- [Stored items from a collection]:
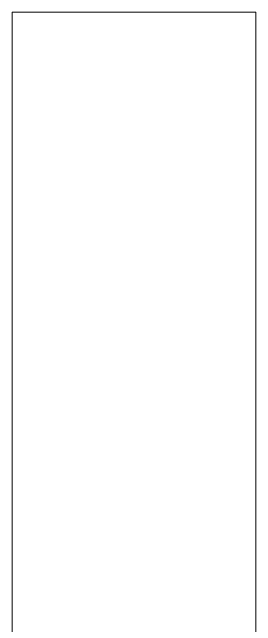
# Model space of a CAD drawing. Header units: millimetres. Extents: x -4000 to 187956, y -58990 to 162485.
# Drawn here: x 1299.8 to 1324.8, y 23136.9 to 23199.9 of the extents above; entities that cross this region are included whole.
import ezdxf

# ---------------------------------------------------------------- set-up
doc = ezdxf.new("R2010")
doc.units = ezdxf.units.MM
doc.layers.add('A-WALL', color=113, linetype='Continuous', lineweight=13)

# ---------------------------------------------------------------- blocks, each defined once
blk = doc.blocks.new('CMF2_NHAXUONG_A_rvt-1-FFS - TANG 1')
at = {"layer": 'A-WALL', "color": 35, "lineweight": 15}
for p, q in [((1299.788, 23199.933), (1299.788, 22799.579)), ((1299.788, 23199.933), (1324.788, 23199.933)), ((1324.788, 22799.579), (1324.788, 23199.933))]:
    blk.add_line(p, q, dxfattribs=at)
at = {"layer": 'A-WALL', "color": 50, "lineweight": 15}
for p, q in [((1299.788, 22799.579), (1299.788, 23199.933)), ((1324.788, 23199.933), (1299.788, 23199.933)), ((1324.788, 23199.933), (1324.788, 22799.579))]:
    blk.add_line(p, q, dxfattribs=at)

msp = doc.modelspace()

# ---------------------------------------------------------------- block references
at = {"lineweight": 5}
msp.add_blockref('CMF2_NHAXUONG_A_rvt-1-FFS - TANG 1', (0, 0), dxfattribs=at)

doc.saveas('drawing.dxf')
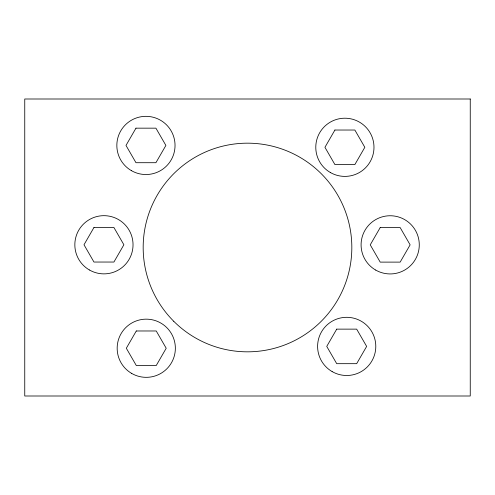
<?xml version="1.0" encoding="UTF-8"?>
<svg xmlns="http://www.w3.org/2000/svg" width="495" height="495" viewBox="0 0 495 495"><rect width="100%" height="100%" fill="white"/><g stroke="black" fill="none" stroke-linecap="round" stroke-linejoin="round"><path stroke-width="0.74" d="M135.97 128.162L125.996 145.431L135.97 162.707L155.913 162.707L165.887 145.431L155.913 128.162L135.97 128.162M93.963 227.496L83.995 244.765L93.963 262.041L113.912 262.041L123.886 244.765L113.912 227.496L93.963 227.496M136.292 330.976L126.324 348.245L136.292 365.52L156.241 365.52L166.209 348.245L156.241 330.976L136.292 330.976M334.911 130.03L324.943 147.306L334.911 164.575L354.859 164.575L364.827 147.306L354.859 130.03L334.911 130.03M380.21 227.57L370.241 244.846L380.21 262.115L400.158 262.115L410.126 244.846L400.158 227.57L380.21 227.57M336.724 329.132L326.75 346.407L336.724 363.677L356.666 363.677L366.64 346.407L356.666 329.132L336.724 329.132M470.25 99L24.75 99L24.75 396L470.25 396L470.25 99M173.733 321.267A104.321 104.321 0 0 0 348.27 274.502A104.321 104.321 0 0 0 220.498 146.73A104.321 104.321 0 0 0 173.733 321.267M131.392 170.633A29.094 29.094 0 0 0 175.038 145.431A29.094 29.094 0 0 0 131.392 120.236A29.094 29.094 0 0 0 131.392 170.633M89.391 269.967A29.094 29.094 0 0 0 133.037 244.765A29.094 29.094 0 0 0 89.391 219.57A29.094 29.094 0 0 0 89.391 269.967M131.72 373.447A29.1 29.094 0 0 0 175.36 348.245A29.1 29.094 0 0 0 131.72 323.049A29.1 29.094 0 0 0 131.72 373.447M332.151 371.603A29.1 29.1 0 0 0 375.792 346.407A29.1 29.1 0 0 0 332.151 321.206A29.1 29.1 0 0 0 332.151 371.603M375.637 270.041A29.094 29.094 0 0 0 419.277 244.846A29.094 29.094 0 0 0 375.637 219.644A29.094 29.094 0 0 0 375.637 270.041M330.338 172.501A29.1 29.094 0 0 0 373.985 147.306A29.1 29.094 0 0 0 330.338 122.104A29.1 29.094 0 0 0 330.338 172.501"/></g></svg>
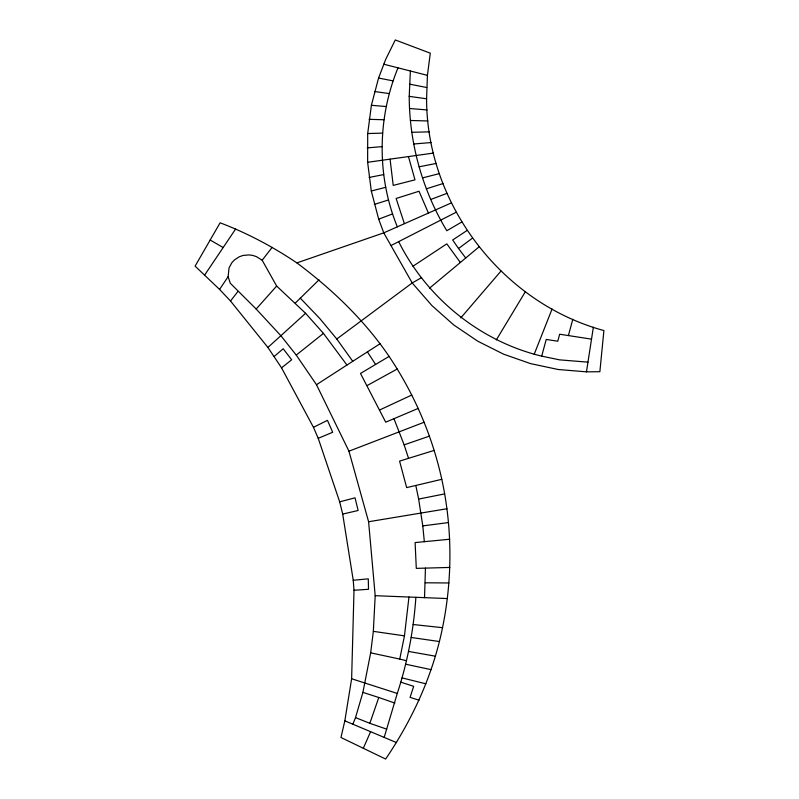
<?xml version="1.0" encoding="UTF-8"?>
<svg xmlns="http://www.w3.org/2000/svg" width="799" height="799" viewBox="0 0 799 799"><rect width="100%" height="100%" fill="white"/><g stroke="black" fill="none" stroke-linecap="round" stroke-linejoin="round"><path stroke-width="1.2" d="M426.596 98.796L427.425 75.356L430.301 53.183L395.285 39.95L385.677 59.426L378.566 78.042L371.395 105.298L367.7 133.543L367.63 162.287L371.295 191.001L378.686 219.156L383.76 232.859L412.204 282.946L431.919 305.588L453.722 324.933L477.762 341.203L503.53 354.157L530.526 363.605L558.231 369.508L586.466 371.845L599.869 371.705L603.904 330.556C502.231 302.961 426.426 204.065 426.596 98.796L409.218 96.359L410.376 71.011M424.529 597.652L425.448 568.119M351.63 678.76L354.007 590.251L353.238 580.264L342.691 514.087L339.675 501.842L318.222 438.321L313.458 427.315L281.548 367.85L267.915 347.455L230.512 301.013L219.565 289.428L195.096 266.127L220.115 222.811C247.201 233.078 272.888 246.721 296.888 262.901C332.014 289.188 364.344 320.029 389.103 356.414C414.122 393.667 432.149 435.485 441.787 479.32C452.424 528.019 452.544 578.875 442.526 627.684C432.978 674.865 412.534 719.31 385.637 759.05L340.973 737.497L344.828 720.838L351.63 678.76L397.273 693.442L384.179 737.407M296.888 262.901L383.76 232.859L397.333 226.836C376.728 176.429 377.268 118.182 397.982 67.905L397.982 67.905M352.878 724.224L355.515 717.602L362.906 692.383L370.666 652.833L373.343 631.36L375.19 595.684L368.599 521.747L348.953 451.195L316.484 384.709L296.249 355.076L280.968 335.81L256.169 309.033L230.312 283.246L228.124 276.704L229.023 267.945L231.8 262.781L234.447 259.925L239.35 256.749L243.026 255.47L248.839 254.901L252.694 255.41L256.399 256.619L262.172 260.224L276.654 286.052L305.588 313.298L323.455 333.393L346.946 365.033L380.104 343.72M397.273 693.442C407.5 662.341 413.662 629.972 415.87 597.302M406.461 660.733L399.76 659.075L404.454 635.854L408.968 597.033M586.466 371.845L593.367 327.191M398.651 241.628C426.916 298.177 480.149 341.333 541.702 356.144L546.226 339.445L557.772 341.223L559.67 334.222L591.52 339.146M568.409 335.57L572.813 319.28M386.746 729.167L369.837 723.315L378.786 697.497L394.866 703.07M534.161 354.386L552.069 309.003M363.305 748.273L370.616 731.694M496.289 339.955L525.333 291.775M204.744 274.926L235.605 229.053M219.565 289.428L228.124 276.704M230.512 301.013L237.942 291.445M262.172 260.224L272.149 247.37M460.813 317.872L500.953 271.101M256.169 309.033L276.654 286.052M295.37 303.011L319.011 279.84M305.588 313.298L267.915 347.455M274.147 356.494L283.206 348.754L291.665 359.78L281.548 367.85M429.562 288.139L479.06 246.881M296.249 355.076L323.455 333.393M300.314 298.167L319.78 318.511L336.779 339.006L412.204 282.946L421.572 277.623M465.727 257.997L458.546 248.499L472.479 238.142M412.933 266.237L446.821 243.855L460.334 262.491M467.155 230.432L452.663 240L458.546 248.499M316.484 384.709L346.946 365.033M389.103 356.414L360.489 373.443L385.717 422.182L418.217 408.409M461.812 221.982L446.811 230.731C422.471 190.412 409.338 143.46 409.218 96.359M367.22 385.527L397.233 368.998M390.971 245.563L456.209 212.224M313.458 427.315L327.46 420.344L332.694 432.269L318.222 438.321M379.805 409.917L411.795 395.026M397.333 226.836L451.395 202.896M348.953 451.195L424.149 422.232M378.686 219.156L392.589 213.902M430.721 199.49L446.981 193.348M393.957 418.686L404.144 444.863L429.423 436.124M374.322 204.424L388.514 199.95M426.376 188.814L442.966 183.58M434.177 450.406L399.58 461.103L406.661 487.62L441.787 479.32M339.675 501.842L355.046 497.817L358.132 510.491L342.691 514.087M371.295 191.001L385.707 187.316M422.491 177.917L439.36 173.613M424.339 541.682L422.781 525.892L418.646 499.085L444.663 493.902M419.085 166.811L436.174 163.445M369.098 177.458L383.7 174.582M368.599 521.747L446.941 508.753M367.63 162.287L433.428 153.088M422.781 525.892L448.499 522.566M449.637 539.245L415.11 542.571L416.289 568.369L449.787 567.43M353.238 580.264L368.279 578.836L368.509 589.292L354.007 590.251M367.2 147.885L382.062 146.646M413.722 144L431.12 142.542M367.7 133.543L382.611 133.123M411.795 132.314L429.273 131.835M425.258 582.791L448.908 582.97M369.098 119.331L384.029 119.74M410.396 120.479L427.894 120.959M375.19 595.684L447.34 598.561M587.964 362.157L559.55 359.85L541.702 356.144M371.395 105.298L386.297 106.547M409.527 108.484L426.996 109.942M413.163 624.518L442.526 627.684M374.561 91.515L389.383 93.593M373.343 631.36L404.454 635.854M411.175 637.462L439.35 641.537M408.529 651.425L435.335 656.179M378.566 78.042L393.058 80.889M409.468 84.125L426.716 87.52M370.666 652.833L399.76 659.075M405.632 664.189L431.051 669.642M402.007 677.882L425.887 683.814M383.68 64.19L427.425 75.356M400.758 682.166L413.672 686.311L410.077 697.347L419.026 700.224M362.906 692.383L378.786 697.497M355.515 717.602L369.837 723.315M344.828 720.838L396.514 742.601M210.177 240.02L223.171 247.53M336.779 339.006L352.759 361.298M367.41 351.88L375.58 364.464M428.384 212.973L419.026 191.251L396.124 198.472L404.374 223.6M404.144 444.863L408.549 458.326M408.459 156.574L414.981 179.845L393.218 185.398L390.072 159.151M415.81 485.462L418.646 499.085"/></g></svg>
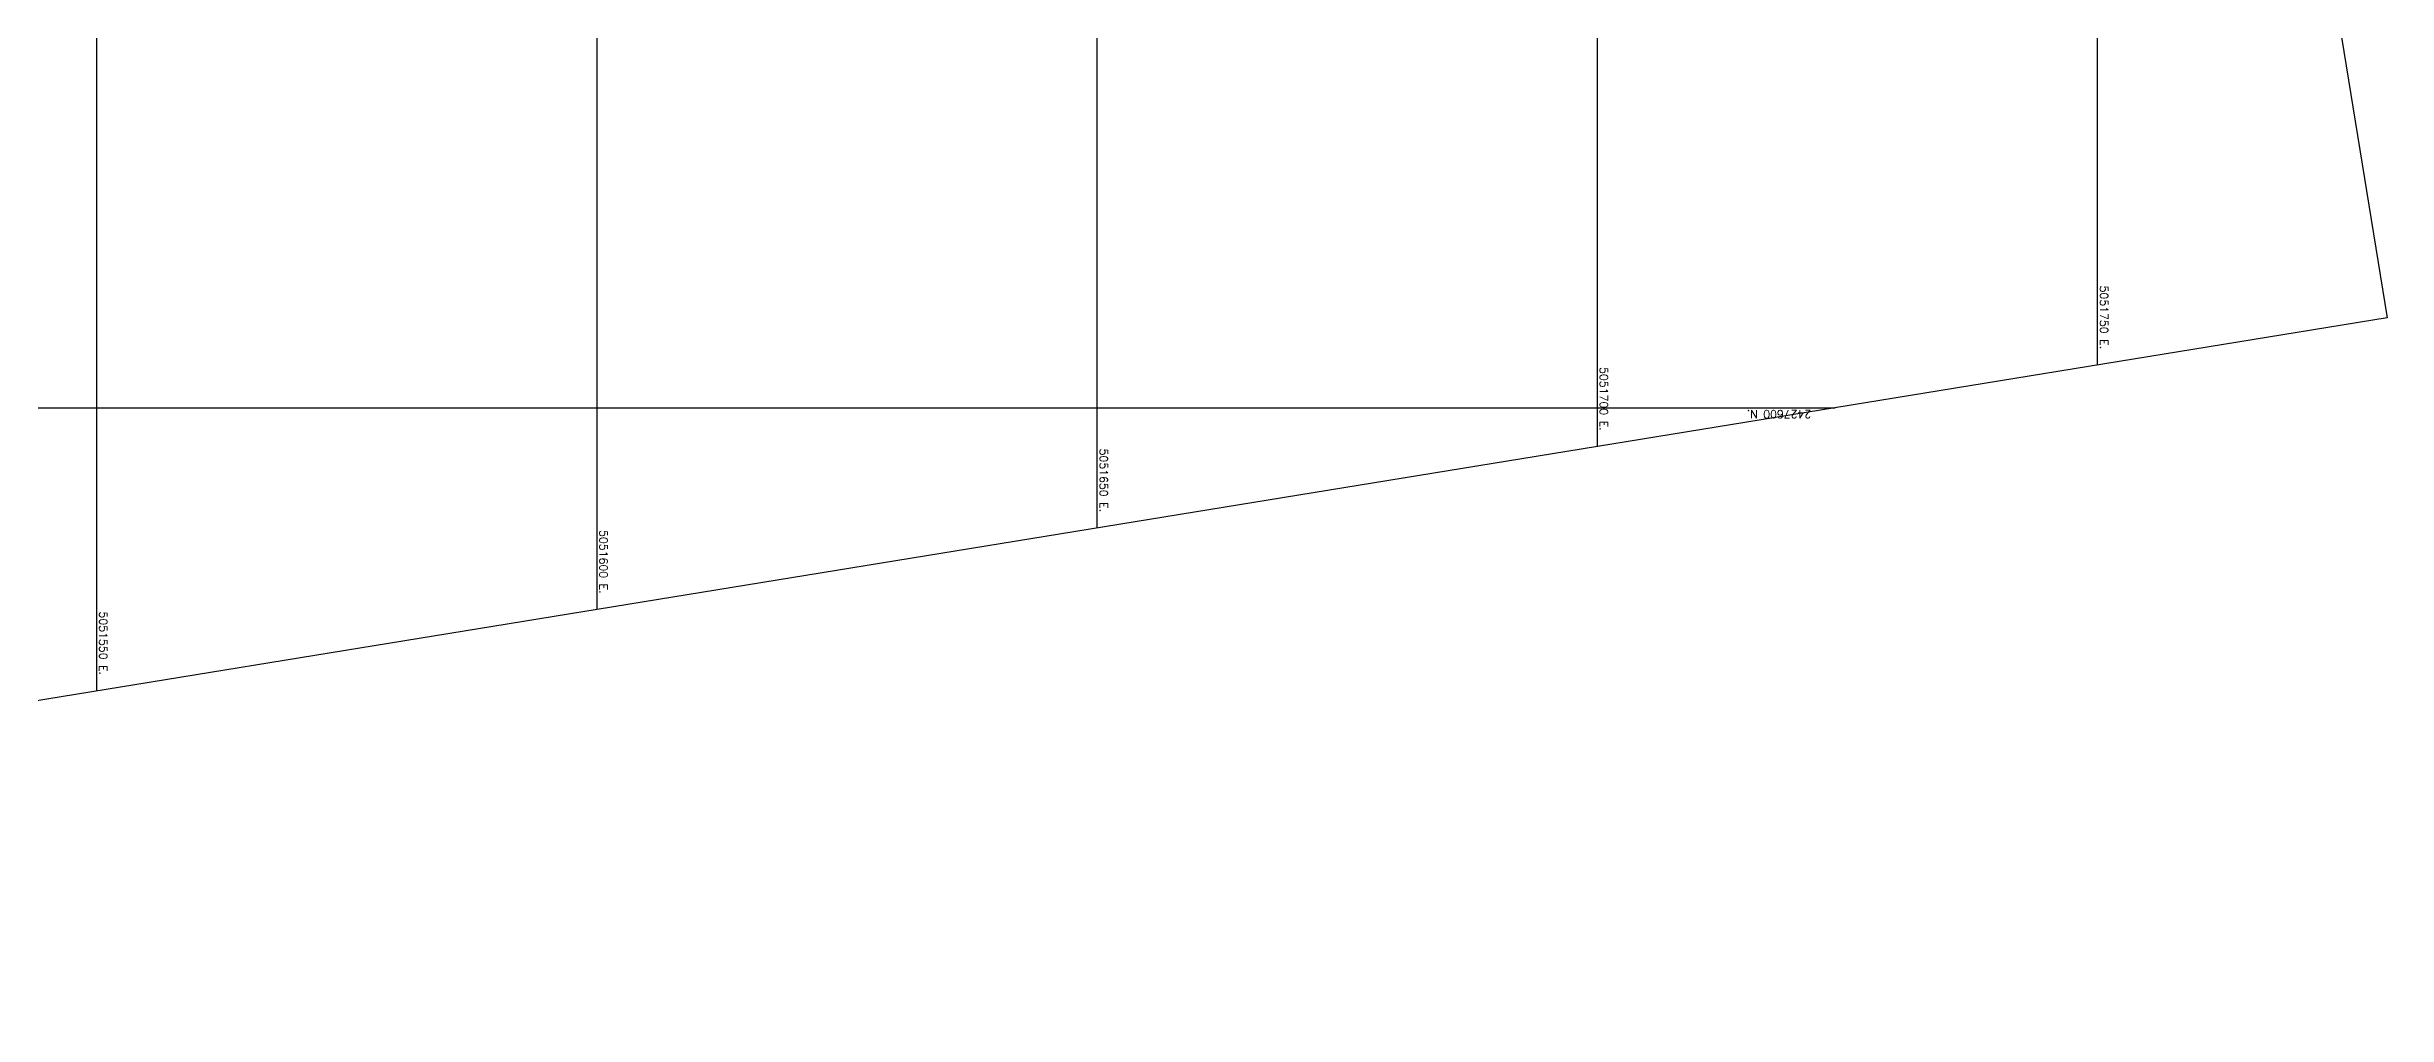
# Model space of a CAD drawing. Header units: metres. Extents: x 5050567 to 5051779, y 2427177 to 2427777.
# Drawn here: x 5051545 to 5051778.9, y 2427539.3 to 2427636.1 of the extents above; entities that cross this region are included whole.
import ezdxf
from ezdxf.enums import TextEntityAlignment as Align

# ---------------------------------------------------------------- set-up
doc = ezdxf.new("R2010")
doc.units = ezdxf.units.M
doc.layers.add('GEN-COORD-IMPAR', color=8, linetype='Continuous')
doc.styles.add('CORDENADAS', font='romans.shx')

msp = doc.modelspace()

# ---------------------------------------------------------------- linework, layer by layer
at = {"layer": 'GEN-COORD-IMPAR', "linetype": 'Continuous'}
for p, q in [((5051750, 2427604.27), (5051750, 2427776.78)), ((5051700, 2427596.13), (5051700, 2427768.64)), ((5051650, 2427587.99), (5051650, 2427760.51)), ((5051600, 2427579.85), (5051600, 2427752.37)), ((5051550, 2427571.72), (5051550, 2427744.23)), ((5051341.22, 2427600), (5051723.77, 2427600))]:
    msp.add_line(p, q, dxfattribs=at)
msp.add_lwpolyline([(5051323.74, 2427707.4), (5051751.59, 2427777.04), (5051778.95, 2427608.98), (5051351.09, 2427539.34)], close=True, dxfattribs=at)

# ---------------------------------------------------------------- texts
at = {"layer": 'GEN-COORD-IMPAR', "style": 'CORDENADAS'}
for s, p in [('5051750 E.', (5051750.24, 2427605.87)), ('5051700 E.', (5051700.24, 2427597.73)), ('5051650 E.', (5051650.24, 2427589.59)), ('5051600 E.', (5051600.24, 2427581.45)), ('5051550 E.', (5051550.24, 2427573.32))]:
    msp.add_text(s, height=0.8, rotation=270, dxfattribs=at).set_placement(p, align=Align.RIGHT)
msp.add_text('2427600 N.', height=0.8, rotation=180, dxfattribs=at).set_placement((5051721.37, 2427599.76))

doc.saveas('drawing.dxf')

- [Exercise details]: Nothing but a number should be given for this: how many lines in the entries above contain "ezdxf"?

- [Problem solution]: 7